CASSAZIONE PENALE, Sez. III – 22 settembre 2020 (dep. 3 novembre 2020), n. 30629 – Pres. Ramacci, Est. Gentili – ric. Procuratore della Repubblica presso il Tribunale di Bari e R.F.

In ragione dell’appartenenza al novero dei delitti di cui all’art. 51, comma 3 bis, c.p.p., il reato di attività organizzate per il traffico illecito di rifiuti di cui all’art. 452 quaterdecies c.p. è una delle fattispecie per le quali, ove sussistano a carico dell’indagato gravi indizi di colpevolezza, si applica – ai sensi dell’art. 275, comma 3, c.p.p. –  la misura cautelare della custodia in carcere, con la sola eccezione dei casi in cui si ritengano non sussistenti le esigenze cautelari, ovvero si ritenga che, in relazione al caso concreto, le stesse possano essere soddisfatte con altra misura meno afflittiva. Tale presunzione relativa di adeguatezza può essere superata solo attraverso una valutazione analitica degli elementi peculiari del caso concreto che consentano di esprimersi in senso contrario.

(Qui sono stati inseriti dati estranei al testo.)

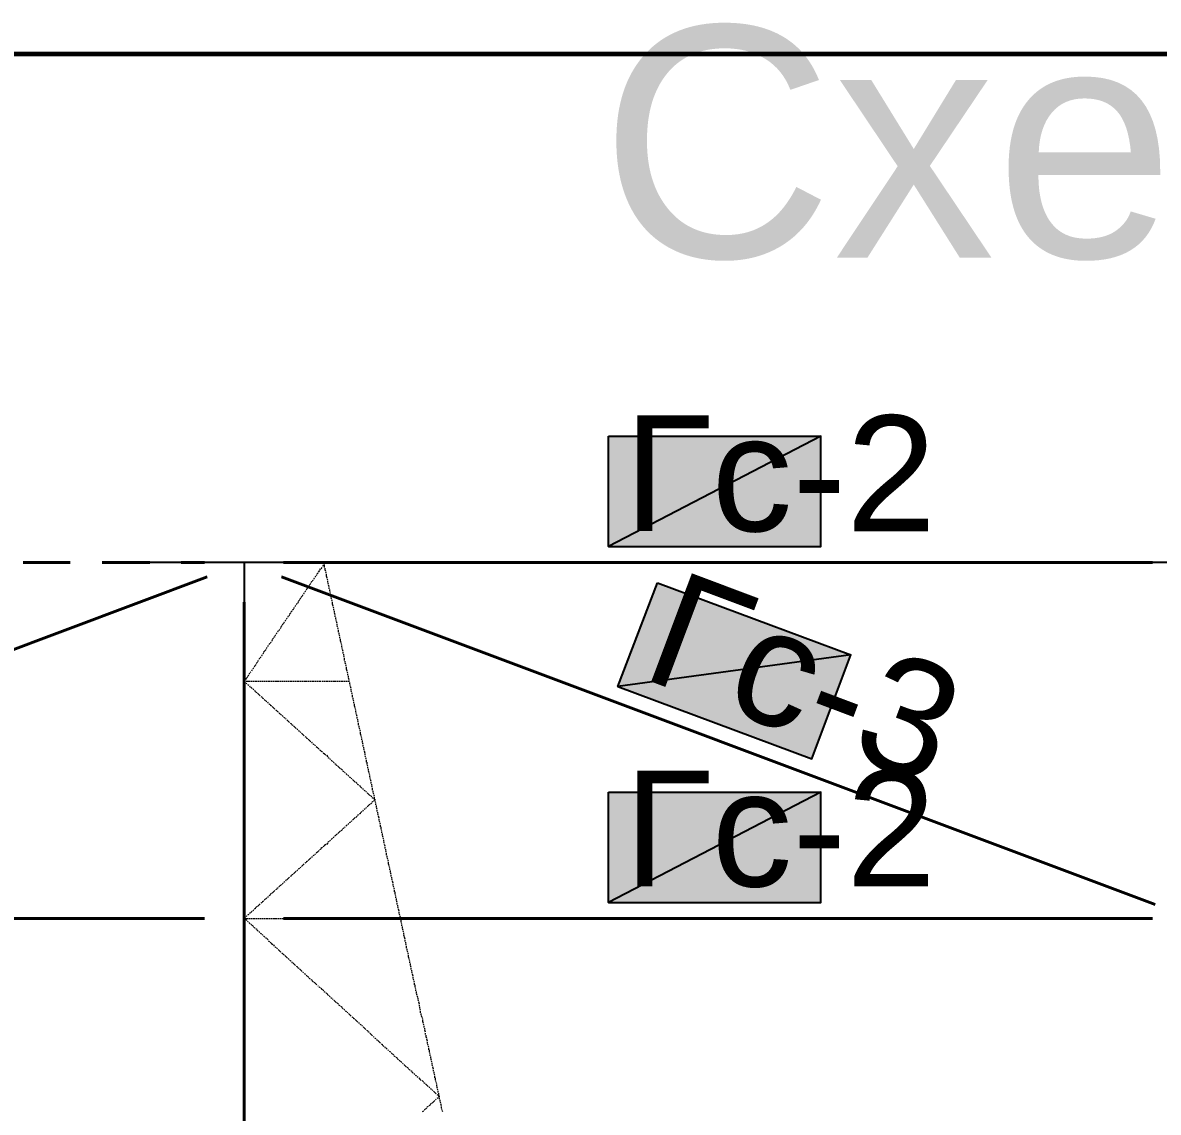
# Model space of a CAD drawing. Extents: x 8 to 21351, y 0 to 420.
# Drawn here: x 15655.57 to 15691.51, y 381.6 to 416.07 of the extents above; entities that cross this region are included whole.
import ezdxf

# ---------------------------------------------------------------- set-up
doc = ezdxf.new("R2010")
doc.units = 0
doc.styles.add('TEYPDFCAD_TEXT', font='arial.ttf')

msp = doc.modelspace()

# ---------------------------------------------------------------- hatches: boundary and pattern name
at = {"true_color": 0xffffff}
h = msp.add_hatch(color=0, dxfattribs=at)
h.paths.add_polyline_path([(15674.115, 402.992), (15680.825, 402.992), (15674.115, 399.5)])
h.paths.add_polyline_path([(15680.825, 402.992), (15674.115, 399.5), (15680.825, 399.5)])
h = msp.add_hatch(color=0, dxfattribs=at)
h.paths.add_polyline_path([(15675.66, 398.357), (15681.777, 396.071), (15674.411, 395.076)])
h.paths.add_polyline_path([(15681.777, 396.071), (15674.411, 395.076), (15680.55, 392.79)])
h = msp.add_hatch(color=0, dxfattribs=at)
h.paths.add_polyline_path([(15674.115, 391.731), (15680.825, 391.731), (15674.115, 388.239)])
h.paths.add_polyline_path([(15680.825, 391.731), (15674.115, 388.239), (15680.825, 388.239)])

# ---------------------------------------------------------------- linework, layer by layer
at = {"color": 0, "lineweight": 0, "true_color": 0xffffff}
for p, q in [((15674.115, 399.5), (15680.825, 399.5)), ((15674.411, 395.076), (15680.55, 392.79)), ((15674.115, 388.239), (15680.825, 388.239))]:
    msp.add_line(p, q, dxfattribs=at)
at = {"color": 7, "lineweight": 25}
for p, q in [((15656.589, 398.992), (15655.594, 398.992)), ((15678.094, 398.992), (15658.092, 398.992)), ((15662.579, 398.992), (15662.579, 385.593)), ((15680.592, 398.992), (15679.576, 398.992)), ((15702.076, 398.992), (15682.095, 398.992)), ((15662.579, 384.09), (15662.579, 383.074))]:
    msp.add_line(p, q, dxfattribs=at)
at = {"color": 7, "lineweight": 40}
for p, q in [((15657.076, 398.992), (15655.594, 398.992)), ((15659.595, 398.992), (15658.092, 398.992)), ((15661.33, 398.992), (15660.59, 398.992)), ((15691.324, 398.992), (15663.828, 398.992)), ((15633.75, 388.175), (15661.415, 398.547)), ((15691.408, 388.175), (15663.765, 398.547)), ((15662.579, 397.743), (15662.579, 310.219)), ((15661.33, 387.731), (15633.835, 387.731)), ((15691.324, 387.731), (15663.828, 387.731))]:
    msp.add_line(p, q, dxfattribs=at)
at = {"color": 7, "lineweight": 5}
for p, q in [((15665.077, 398.907), (15665.056, 398.865)), ((15665.119, 398.928), (15665.098, 398.949)), ((15665.098, 398.949), (15665.098, 398.928)), ((15665.119, 398.843), (15665.119, 398.907)), ((15664.802, 398.505), (15664.781, 398.462)), ((15664.844, 398.568), (15664.823, 398.526)), ((15664.886, 398.611), (15664.865, 398.589)), ((15664.929, 398.674), (15664.886, 398.632)), ((15664.971, 398.738), (15664.929, 398.695)), ((15664.992, 398.801), (15664.971, 398.759)), ((15665.035, 398.843), (15665.013, 398.801)), ((15665.14, 398.78), (15665.14, 398.822)), ((15665.162, 398.716), (15665.14, 398.759)), ((15665.183, 398.653), (15665.162, 398.695)), ((15665.183, 398.568), (15665.183, 398.632)), ((15665.204, 398.505), (15665.183, 398.568)), ((15664.569, 398.166), (15664.548, 398.124)), ((15664.611, 398.209), (15664.569, 398.166)), ((15664.654, 398.272), (15664.611, 398.23)), ((15664.696, 398.335), (15664.654, 398.293)), ((15664.717, 398.399), (15664.696, 398.357)), ((15664.759, 398.441), (15664.738, 398.399)), ((15665.225, 398.441), (15665.204, 398.484)), ((15665.225, 398.378), (15665.225, 398.42)), ((15665.246, 398.314), (15665.225, 398.357)), ((15665.267, 398.23), (15665.246, 398.293)), ((15665.267, 398.166), (15665.267, 398.209)), ((15665.289, 398.103), (15665.289, 398.145)), ((15664.336, 397.806), (15664.294, 397.764)), ((15664.378, 397.87), (15664.336, 397.827)), ((15664.421, 397.933), (15664.378, 397.891)), ((15664.442, 397.976), (15664.421, 397.933)), ((15664.484, 398.039), (15664.463, 397.997)), ((15664.527, 398.103), (15664.505, 398.06)), ((15665.31, 398.039), (15665.289, 398.081)), ((15665.31, 397.954), (15665.31, 398.018)), ((15665.331, 397.891), (15665.331, 397.933)), ((15665.352, 397.827), (15665.331, 397.87)), ((15665.373, 397.764), (15665.352, 397.806)), ((15664.103, 397.468), (15664.061, 397.425)), ((15664.146, 397.51), (15664.103, 397.489)), ((15664.167, 397.574), (15664.146, 397.531)), ((15664.209, 397.637), (15664.188, 397.595)), ((15664.251, 397.7), (15664.23, 397.658)), ((15664.294, 397.743), (15664.273, 397.7)), ((15665.373, 397.679), (15665.373, 397.743)), ((15665.394, 397.616), (15665.373, 397.679)), ((15665.416, 397.552), (15665.394, 397.595)), ((15665.416, 397.489), (15665.416, 397.531)), ((15665.437, 397.425), (15665.437, 397.468)), ((15663.828, 397.065), (15663.786, 397.023)), ((15663.849, 397.108), (15663.828, 397.065)), ((15663.892, 397.171), (15663.87, 397.129)), ((15663.934, 397.235), (15663.913, 397.192)), ((15663.976, 397.298), (15663.955, 397.256)), ((15664.019, 397.341), (15663.997, 397.298)), ((15664.061, 397.404), (15664.019, 397.362)), ((15665.458, 397.341), (15665.437, 397.404)), ((15665.458, 397.277), (15665.458, 397.319)), ((15665.479, 397.214), (15665.479, 397.256)), ((15665.5, 397.15), (15665.479, 397.192)), ((15665.521, 397.065), (15665.5, 397.129)), ((15663.574, 396.706), (15663.553, 396.663)), ((15663.616, 396.769), (15663.595, 396.727)), ((15663.659, 396.833), (15663.638, 396.79)), ((15663.701, 396.875), (15663.68, 396.833)), ((15663.743, 396.938), (15663.722, 396.896)), ((15663.786, 397.002), (15663.743, 396.96)), ((15665.521, 397.002), (15665.521, 397.044)), ((15665.543, 396.938), (15665.521, 396.981)), ((15665.564, 396.875), (15665.543, 396.917)), ((15665.564, 396.79), (15665.564, 396.854)), ((15665.585, 396.727), (15665.585, 396.769)), ((15665.606, 396.663), (15665.585, 396.706)), ((15663.341, 396.367), (15663.32, 396.325)), ((15663.384, 396.43), (15663.362, 396.388)), ((15663.426, 396.473), (15663.405, 396.43)), ((15663.468, 396.536), (15663.447, 396.494)), ((15663.511, 396.6), (15663.468, 396.557)), ((15663.553, 396.642), (15663.511, 396.621)), ((15665.606, 396.6), (15665.606, 396.642)), ((15665.627, 396.515), (15665.627, 396.579)), ((15665.648, 396.452), (15665.627, 396.515)), ((15665.67, 396.388), (15665.648, 396.43)), ((15665.67, 396.325), (15665.67, 396.367)), ((15663.108, 396.007), (15663.087, 395.965)), ((15663.151, 396.071), (15663.13, 396.028)), ((15663.193, 396.134), (15663.172, 396.092)), ((15663.235, 396.198), (15663.193, 396.155)), ((15663.278, 396.24), (15663.235, 396.198)), ((15663.299, 396.303), (15663.278, 396.261)), ((15665.691, 396.261), (15665.67, 396.303)), ((15665.712, 396.176), (15665.691, 396.24)), ((15665.712, 396.113), (15665.712, 396.155)), ((15665.733, 396.049), (15665.733, 396.092)), ((15665.754, 395.986), (15665.733, 396.028)), ((15662.876, 395.668), (15662.854, 395.626)), ((15662.918, 395.732), (15662.897, 395.69)), ((15662.96, 395.774), (15662.918, 395.732)), ((15663.003, 395.838), (15662.96, 395.796)), ((15663.024, 395.901), (15663.003, 395.859)), ((15663.066, 395.965), (15663.045, 395.923)), ((15665.754, 395.901), (15665.754, 395.965)), ((15665.775, 395.838), (15665.775, 395.88)), ((15665.797, 395.774), (15665.775, 395.817)), ((15665.818, 395.711), (15665.797, 395.753)), ((15665.818, 395.626), (15665.818, 395.69)), ((15665.839, 395.563), (15665.818, 395.626)), ((15662.6, 395.266), (15662.579, 395.245)), ((15662.643, 395.33), (15662.622, 395.288)), ((15662.685, 395.372), (15662.643, 395.33)), ((15662.727, 395.436), (15662.685, 395.393)), ((15662.749, 395.499), (15662.727, 395.457)), ((15662.791, 395.541), (15662.77, 395.52)), ((15662.833, 395.605), (15662.812, 395.563)), ((15665.86, 395.499), (15665.839, 395.541)), ((15665.86, 395.436), (15665.86, 395.478)), ((15665.881, 395.372), (15665.881, 395.414)), ((15665.902, 395.288), (15665.881, 395.351)), ((15665.902, 395.224), (15665.902, 395.266)), ((15662.579, 395.245), (15662.622, 395.203)), ((15662.579, 395.203), (15662.579, 395.245)), ((15662.579, 395.245), (15662.622, 395.245)), ((15662.579, 395.139), (15662.579, 395.182)), ((15662.579, 395.055), (15662.579, 395.118)), ((15662.579, 394.991), (15662.579, 395.055)), ((15662.579, 394.928), (15662.579, 394.97)), ((15662.579, 394.864), (15662.579, 394.906)), ((15662.643, 395.245), (15662.706, 395.245)), ((15662.643, 395.182), (15662.664, 395.16)), ((15662.685, 395.139), (15662.727, 395.118)), ((15662.706, 395.245), (15662.77, 395.245)), ((15662.749, 395.097), (15662.77, 395.055)), ((15662.791, 395.245), (15662.833, 395.245)), ((15662.791, 395.055), (15662.833, 395.012)), ((15662.854, 395.245), (15662.897, 395.245)), ((15662.854, 395.012), (15662.876, 394.97)), ((15662.897, 394.949), (15662.939, 394.928)), ((15662.918, 395.245), (15662.981, 395.245)), ((15662.939, 394.906), (15662.981, 394.885)), ((15663.003, 395.245), (15663.045, 395.245)), ((15663.066, 395.245), (15663.108, 395.245)), ((15663.13, 395.245), (15663.193, 395.245)), ((15663.214, 395.245), (15663.257, 395.245)), ((15663.278, 395.245), (15663.32, 395.245)), ((15663.341, 395.245), (15663.405, 395.245)), ((15663.426, 395.245), (15663.468, 395.245)), ((15663.489, 395.245), (15663.532, 395.245)), ((15663.553, 395.245), (15663.616, 395.245)), ((15663.616, 395.245), (15663.68, 395.245)), ((15663.701, 395.245), (15663.743, 395.245)), ((15663.765, 395.245), (15663.807, 395.245)), ((15663.828, 395.245), (15663.892, 395.245)), ((15663.913, 395.245), (15663.955, 395.245)), ((15663.976, 395.245), (15664.019, 395.245)), ((15664.04, 395.245), (15664.103, 395.245)), ((15664.124, 395.245), (15664.167, 395.245)), ((15664.188, 395.245), (15664.23, 395.245)), ((15664.251, 395.245), (15664.315, 395.245)), ((15664.336, 395.245), (15664.378, 395.245)), ((15664.4, 395.245), (15664.442, 395.245)), ((15664.463, 395.245), (15664.527, 395.245)), ((15664.527, 395.245), (15664.59, 395.245)), ((15664.611, 395.245), (15664.654, 395.245)), ((15664.675, 395.245), (15664.717, 395.245)), ((15664.738, 395.245), (15664.802, 395.245)), ((15664.823, 395.245), (15664.865, 395.245)), ((15664.886, 395.245), (15664.929, 395.245)), ((15664.95, 395.245), (15665.013, 395.245)), ((15665.035, 395.245), (15665.077, 395.245)), ((15665.098, 395.245), (15665.14, 395.245)), ((15665.162, 395.245), (15665.225, 395.245)), ((15665.246, 395.245), (15665.289, 395.245)), ((15665.31, 395.245), (15665.352, 395.245)), ((15665.373, 395.245), (15665.437, 395.245)), ((15665.437, 395.245), (15665.5, 395.245)), ((15665.521, 395.245), (15665.564, 395.245)), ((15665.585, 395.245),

  1. La vicenda sottesa al giudizio della Suprema Corte

La sentenza in commento affronta una tematica apparentemente semplice, a stretto rigor di legge, ma ben più complessa sul piano delle implicazioni pratiche derivanti dall’inserimento del delitto di “Attività organizzate per il traffico illecito di rifiuti”, di cui all’art. 452 quaterdecies c.p., nell’ambito dei reati previsti dall’art. 51, comma 3 bis, c.p.p.[1].

Prima di esaminare la quaestio iuris di interesse, è opportuno riepilogare brevemente il fatto storico alla base della pronuncia della Corte di Cassazione.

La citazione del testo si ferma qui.